Provided entries:
=-=-=-=-=

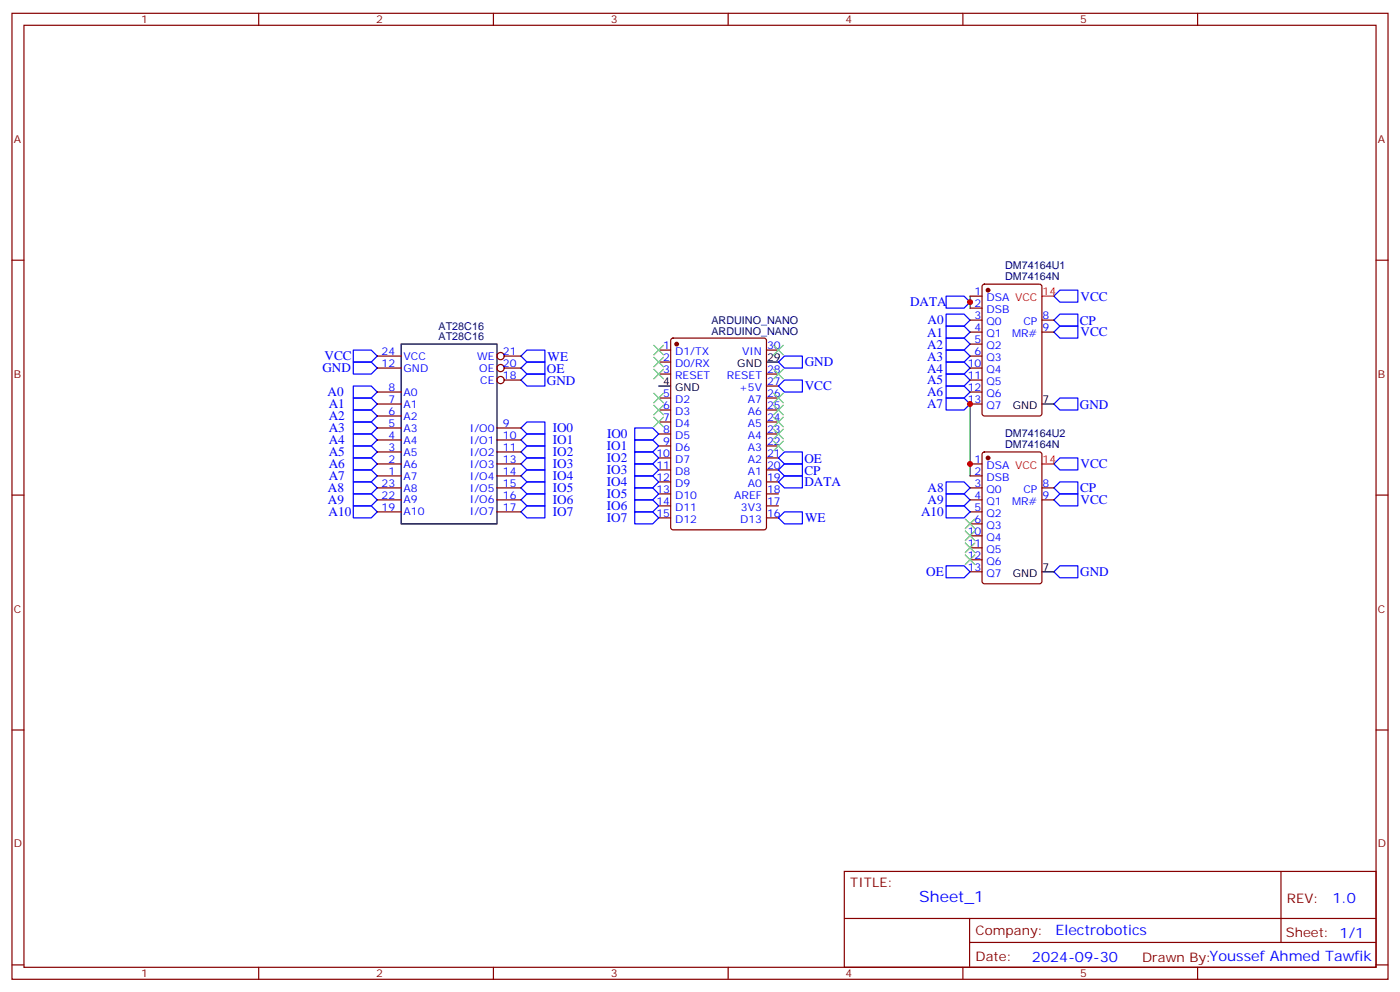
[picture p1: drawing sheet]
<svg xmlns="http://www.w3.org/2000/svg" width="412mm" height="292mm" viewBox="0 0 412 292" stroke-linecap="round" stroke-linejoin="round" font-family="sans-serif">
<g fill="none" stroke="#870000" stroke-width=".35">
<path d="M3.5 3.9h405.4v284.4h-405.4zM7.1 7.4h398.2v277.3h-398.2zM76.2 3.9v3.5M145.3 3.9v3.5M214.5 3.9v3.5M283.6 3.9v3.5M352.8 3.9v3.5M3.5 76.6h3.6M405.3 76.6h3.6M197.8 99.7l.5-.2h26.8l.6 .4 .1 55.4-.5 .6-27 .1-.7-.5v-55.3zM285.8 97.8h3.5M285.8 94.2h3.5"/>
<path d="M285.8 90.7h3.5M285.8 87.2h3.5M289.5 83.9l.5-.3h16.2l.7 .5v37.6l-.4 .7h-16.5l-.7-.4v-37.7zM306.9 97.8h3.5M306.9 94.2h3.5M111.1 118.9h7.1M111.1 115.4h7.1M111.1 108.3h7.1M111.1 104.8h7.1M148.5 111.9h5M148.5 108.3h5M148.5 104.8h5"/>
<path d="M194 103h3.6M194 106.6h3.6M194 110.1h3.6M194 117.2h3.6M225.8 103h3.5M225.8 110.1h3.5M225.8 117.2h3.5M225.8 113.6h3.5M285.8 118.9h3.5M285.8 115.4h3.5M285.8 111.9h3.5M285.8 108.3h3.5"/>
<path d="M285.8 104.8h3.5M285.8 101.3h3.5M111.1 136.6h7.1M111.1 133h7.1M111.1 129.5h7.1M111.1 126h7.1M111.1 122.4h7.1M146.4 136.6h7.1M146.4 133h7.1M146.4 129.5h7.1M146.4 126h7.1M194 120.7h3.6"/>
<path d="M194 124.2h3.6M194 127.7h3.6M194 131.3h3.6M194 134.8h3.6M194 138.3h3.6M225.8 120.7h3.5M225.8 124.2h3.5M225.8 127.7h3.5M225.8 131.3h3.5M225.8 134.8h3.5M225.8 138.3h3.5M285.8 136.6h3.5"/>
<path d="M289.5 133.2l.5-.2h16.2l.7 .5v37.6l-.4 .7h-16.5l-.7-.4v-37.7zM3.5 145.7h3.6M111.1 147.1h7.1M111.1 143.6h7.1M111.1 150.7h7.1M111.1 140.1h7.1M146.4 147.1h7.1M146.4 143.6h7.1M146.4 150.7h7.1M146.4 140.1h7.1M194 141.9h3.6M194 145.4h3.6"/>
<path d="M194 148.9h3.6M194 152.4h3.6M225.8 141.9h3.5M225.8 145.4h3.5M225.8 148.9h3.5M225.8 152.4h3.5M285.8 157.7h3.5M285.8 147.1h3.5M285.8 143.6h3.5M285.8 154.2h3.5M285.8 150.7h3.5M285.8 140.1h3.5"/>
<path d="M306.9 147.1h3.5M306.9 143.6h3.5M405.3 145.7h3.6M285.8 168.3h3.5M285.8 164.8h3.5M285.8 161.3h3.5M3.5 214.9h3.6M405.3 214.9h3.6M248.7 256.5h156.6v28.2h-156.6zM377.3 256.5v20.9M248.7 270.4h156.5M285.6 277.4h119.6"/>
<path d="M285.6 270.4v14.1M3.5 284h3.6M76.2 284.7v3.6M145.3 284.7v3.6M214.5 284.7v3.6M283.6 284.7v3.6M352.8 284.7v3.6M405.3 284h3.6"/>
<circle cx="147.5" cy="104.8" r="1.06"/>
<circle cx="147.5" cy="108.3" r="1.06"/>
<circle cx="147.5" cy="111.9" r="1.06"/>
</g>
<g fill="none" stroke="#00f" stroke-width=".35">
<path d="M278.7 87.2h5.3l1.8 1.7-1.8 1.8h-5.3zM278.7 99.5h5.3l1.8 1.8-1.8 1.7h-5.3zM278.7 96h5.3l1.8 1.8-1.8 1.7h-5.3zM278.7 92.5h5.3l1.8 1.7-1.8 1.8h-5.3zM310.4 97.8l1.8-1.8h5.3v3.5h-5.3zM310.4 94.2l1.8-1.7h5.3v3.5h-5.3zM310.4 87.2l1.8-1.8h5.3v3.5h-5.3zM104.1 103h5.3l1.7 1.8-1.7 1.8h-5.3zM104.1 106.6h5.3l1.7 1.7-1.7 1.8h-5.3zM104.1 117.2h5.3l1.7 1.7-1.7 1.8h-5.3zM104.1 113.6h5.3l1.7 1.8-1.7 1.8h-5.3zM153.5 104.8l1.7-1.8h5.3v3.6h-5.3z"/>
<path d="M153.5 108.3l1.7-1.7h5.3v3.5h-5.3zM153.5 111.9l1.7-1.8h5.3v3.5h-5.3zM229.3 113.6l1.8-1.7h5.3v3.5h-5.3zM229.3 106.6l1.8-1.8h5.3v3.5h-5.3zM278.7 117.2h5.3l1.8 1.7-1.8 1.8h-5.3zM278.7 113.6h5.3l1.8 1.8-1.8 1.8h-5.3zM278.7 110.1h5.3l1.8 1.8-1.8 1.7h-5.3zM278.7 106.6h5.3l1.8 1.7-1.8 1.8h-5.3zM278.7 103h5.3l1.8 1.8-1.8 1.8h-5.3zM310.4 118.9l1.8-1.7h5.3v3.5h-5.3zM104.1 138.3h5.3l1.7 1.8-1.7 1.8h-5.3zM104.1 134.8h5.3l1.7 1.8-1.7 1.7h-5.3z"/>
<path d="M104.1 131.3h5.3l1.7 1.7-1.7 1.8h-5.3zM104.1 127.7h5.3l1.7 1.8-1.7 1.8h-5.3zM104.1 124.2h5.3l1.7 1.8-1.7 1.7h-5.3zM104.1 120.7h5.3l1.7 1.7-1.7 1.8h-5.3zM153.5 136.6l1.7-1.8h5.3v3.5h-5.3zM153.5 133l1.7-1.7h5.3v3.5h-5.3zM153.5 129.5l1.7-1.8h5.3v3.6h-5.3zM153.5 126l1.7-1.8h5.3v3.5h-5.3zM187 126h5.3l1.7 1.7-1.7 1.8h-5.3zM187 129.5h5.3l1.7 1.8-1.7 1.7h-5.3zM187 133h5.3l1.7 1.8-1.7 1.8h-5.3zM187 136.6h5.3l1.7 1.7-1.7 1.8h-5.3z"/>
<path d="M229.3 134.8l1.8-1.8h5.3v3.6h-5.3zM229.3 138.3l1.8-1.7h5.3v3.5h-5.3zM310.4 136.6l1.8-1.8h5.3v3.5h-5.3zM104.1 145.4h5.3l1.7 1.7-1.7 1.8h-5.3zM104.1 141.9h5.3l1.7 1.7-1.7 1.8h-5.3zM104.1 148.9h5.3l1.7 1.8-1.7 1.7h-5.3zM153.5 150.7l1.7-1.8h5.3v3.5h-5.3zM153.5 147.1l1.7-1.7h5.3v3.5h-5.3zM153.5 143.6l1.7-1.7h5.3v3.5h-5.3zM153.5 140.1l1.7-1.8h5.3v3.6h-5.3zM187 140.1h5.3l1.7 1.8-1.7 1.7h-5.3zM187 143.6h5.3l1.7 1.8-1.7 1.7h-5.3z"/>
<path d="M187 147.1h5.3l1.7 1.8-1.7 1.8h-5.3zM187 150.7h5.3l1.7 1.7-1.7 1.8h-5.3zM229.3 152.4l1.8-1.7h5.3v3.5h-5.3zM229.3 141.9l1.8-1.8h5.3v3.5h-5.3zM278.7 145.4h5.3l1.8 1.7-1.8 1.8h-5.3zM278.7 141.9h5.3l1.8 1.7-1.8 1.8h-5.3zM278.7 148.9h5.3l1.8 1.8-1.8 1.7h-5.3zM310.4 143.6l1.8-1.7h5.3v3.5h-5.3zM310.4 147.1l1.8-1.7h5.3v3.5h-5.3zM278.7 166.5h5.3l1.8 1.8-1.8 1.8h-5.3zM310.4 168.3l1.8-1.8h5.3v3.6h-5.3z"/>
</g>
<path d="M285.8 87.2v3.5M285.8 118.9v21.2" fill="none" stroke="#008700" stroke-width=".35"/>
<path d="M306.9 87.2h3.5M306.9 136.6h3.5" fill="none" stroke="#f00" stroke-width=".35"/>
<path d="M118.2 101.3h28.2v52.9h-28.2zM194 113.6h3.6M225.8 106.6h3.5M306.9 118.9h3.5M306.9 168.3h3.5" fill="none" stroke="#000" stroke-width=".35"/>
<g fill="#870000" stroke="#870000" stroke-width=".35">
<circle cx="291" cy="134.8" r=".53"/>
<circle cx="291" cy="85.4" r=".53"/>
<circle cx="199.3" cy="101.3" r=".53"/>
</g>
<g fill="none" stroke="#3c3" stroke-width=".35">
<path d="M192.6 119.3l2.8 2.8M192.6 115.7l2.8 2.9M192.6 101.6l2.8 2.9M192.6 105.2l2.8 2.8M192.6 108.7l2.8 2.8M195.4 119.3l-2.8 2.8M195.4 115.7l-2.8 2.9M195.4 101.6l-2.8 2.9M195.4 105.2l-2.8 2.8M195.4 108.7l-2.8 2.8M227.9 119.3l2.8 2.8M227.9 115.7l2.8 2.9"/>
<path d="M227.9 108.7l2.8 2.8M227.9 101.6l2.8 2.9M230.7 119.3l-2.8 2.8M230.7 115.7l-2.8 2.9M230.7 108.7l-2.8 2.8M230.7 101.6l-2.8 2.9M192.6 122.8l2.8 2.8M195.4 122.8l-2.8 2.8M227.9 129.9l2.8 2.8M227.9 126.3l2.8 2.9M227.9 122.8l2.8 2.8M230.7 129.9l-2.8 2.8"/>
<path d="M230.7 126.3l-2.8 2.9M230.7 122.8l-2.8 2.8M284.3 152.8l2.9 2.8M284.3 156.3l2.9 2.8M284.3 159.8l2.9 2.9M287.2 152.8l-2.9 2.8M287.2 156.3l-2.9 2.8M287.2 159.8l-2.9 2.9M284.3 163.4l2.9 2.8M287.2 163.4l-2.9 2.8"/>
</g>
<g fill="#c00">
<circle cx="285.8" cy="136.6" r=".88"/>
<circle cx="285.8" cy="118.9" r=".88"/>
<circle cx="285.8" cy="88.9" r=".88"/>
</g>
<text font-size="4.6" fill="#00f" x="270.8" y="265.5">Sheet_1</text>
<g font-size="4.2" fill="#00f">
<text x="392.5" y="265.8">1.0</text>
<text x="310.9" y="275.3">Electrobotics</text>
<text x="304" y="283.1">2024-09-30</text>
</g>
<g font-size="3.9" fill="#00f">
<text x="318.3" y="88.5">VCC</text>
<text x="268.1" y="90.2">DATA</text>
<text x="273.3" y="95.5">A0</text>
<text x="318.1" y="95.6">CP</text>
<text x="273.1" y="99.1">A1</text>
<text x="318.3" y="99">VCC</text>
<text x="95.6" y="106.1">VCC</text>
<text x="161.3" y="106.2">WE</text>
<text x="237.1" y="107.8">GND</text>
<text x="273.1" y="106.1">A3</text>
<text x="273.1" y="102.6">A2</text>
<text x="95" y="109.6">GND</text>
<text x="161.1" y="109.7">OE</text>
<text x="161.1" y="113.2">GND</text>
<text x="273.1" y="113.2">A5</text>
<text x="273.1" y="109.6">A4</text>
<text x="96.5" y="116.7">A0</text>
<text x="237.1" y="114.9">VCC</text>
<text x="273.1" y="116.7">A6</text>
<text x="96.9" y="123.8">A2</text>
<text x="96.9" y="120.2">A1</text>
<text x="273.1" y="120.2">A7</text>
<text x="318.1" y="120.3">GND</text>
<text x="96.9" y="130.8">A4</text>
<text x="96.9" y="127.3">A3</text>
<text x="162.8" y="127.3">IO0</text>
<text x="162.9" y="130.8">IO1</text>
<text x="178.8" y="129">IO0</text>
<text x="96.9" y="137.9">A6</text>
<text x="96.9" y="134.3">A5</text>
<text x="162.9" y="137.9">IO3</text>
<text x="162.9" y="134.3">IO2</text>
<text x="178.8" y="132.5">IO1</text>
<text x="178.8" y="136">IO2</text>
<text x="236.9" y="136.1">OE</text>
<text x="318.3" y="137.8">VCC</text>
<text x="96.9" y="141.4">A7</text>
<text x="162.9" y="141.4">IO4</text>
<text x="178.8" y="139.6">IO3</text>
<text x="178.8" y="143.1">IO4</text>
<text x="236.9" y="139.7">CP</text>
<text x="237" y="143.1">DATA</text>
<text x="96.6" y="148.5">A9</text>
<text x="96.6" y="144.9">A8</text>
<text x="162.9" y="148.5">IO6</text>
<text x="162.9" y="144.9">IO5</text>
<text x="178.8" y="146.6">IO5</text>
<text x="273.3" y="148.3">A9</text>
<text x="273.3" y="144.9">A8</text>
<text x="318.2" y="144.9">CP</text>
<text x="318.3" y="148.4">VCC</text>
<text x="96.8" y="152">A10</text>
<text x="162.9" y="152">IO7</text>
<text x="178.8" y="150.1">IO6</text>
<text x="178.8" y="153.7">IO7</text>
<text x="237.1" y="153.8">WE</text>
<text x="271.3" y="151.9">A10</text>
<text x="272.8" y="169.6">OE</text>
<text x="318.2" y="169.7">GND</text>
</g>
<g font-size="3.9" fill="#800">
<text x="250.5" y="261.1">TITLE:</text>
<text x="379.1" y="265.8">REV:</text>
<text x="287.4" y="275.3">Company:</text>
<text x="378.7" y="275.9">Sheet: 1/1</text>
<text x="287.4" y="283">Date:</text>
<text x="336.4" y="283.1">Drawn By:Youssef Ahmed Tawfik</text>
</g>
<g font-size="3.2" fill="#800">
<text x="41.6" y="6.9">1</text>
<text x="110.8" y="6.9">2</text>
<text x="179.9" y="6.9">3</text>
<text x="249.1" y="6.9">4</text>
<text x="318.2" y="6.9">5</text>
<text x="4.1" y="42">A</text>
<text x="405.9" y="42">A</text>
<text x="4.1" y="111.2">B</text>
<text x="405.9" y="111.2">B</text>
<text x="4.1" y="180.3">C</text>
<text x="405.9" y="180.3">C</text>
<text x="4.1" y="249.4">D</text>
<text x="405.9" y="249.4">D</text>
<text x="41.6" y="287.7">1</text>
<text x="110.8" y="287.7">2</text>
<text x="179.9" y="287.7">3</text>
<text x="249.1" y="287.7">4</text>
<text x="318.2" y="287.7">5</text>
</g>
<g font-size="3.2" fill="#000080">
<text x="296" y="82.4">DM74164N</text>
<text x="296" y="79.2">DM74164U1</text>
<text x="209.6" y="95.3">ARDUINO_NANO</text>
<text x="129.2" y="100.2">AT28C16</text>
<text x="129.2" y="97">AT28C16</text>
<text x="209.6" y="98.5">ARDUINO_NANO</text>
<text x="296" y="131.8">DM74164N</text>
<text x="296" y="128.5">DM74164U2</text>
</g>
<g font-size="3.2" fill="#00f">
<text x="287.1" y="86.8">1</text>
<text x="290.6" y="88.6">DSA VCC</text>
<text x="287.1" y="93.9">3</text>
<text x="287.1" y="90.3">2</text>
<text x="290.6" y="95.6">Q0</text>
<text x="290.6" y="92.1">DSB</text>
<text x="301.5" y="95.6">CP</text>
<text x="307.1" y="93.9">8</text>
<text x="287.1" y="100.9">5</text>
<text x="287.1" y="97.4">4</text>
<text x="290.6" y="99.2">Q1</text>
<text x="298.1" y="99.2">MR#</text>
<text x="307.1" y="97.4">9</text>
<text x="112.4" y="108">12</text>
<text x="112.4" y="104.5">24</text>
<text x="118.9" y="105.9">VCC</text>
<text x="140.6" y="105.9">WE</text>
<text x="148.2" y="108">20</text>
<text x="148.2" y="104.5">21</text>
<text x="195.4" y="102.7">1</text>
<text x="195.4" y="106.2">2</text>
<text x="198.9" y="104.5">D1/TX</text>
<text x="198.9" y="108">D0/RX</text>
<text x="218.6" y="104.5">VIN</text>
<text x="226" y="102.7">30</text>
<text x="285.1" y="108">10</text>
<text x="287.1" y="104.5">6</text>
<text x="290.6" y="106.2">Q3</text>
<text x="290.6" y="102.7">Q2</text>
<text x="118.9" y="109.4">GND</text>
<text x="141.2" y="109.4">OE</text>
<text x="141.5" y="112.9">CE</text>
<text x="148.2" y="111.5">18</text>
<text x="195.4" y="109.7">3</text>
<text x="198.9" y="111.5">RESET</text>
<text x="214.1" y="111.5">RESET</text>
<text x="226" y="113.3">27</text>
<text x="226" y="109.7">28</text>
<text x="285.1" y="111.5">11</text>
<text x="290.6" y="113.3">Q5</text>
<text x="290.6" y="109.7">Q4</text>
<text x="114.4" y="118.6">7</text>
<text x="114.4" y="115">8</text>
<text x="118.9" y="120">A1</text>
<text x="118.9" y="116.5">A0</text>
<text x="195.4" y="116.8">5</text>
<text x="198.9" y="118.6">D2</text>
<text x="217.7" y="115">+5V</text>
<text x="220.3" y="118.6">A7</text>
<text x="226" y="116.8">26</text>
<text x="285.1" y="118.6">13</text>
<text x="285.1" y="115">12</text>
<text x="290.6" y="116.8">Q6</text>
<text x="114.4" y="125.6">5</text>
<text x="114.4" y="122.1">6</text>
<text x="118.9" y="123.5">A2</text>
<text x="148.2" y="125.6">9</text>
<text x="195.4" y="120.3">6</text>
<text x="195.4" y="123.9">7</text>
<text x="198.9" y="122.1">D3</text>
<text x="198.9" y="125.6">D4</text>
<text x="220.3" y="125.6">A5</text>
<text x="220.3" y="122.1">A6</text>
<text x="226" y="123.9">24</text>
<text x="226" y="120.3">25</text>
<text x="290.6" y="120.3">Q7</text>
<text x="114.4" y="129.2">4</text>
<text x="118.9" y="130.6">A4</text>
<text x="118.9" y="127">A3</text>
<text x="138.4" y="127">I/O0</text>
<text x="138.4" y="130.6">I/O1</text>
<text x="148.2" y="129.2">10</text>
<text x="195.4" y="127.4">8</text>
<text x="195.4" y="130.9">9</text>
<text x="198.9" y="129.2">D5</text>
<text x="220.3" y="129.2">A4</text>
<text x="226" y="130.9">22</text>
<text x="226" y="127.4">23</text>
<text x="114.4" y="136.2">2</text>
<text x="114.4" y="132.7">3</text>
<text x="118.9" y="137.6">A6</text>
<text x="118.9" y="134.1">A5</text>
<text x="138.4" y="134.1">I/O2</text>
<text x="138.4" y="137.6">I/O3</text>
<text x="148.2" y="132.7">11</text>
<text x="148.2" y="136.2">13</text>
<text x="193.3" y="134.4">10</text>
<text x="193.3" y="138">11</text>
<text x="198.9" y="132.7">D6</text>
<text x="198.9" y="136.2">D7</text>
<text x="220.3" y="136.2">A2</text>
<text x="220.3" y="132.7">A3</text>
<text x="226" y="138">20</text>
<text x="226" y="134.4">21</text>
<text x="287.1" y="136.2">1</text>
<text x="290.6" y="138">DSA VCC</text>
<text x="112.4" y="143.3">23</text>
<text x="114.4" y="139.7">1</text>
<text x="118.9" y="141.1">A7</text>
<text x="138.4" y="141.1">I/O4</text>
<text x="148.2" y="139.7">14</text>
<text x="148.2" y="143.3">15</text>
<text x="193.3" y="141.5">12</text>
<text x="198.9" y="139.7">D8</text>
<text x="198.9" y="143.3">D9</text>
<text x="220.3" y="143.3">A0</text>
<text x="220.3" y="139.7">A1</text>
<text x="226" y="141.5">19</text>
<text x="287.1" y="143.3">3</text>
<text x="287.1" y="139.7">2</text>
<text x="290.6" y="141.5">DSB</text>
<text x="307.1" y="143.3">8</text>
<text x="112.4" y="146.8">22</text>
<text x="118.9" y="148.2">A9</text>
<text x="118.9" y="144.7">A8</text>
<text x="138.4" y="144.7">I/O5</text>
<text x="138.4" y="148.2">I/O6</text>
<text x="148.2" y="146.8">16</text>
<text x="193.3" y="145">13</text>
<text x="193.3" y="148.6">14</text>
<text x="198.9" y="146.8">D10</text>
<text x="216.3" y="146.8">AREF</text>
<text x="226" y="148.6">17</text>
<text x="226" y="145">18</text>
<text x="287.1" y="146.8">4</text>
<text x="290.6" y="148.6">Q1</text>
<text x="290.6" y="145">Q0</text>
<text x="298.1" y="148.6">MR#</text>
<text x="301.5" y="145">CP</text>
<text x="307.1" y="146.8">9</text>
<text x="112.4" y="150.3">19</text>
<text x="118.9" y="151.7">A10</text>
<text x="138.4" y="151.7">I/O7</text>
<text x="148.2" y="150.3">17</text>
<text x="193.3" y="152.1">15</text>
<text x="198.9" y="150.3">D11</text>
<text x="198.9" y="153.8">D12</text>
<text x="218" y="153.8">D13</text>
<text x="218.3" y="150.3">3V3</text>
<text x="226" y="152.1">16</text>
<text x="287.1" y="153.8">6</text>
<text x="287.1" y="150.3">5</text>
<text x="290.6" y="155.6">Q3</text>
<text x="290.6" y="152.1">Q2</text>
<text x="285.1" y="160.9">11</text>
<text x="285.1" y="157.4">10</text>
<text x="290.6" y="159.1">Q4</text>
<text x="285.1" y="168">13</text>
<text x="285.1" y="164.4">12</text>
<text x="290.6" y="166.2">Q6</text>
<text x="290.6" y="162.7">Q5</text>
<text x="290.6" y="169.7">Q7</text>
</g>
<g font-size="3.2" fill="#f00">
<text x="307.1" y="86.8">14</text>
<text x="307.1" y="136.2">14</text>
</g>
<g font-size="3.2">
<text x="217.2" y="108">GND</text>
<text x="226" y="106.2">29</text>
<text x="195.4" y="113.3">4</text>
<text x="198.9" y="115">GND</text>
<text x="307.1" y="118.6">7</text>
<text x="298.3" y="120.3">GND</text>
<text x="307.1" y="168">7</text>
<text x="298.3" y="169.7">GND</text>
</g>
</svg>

=-=-=-=-=

Exercise aim:
Transcribe exactly the lines that run from the first line of the records above through the line with "133.2l.5-.2h16.2l.7 .5v37.6l-.4 .7h-16.5l-.7-.4v-37.7zM3.5", and include both of those lines; pictures stay out.

Answer for this exercise:
[picture p1: drawing sheet]
<svg xmlns="http://www.w3.org/2000/svg" width="412mm" height="292mm" viewBox="0 0 412 292" stroke-linecap="round" stroke-linejoin="round" font-family="sans-serif">
<g fill="none" stroke="#870000" stroke-width=".35">
<path d="M3.5 3.9h405.4v284.4h-405.4zM7.1 7.4h398.2v277.3h-398.2zM76.2 3.9v3.5M145.3 3.9v3.5M214.5 3.9v3.5M283.6 3.9v3.5M352.8 3.9v3.5M3.5 76.6h3.6M405.3 76.6h3.6M197.8 99.7l.5-.2h26.8l.6 .4 .1 55.4-.5 .6-27 .1-.7-.5v-55.3zM285.8 97.8h3.5M285.8 94.2h3.5"/>
<path d="M285.8 90.7h3.5M285.8 87.2h3.5M289.5 83.9l.5-.3h16.2l.7 .5v37.6l-.4 .7h-16.5l-.7-.4v-37.7zM306.9 97.8h3.5M306.9 94.2h3.5M111.1 118.9h7.1M111.1 115.4h7.1M111.1 108.3h7.1M111.1 104.8h7.1M148.5 111.9h5M148.5 108.3h5M148.5 104.8h5"/>
<path d="M194 103h3.6M194 106.6h3.6M194 110.1h3.6M194 117.2h3.6M225.8 103h3.5M225.8 110.1h3.5M225.8 117.2h3.5M225.8 113.6h3.5M285.8 118.9h3.5M285.8 115.4h3.5M285.8 111.9h3.5M285.8 108.3h3.5"/>
<path d="M285.8 104.8h3.5M285.8 101.3h3.5M111.1 136.6h7.1M111.1 133h7.1M111.1 129.5h7.1M111.1 126h7.1M111.1 122.4h7.1M146.4 136.6h7.1M146.4 133h7.1M146.4 129.5h7.1M146.4 126h7.1M194 120.7h3.6"/>
<path d="M194 124.2h3.6M194 127.7h3.6M194 131.3h3.6M194 134.8h3.6M194 138.3h3.6M225.8 120.7h3.5M225.8 124.2h3.5M225.8 127.7h3.5M225.8 131.3h3.5M225.8 134.8h3.5M225.8 138.3h3.5M285.8 136.6h3.5"/>
<path d="M289.5 133.2l.5-.2h16.2l.7 .5v37.6l-.4 .7h-16.5l-.7-.4v-37.7zM3.5 145.7h3.6M111.1 147.1h7.1M111.1 143.6h7.1M111.1 150.7h7.1M111.1 140.1h7.1M146.4 147.1h7.1M146.4 143.6h7.1M146.4 150.7h7.1M146.4 140.1h7.1M194 141.9h3.6M194 145.4h3.6"/>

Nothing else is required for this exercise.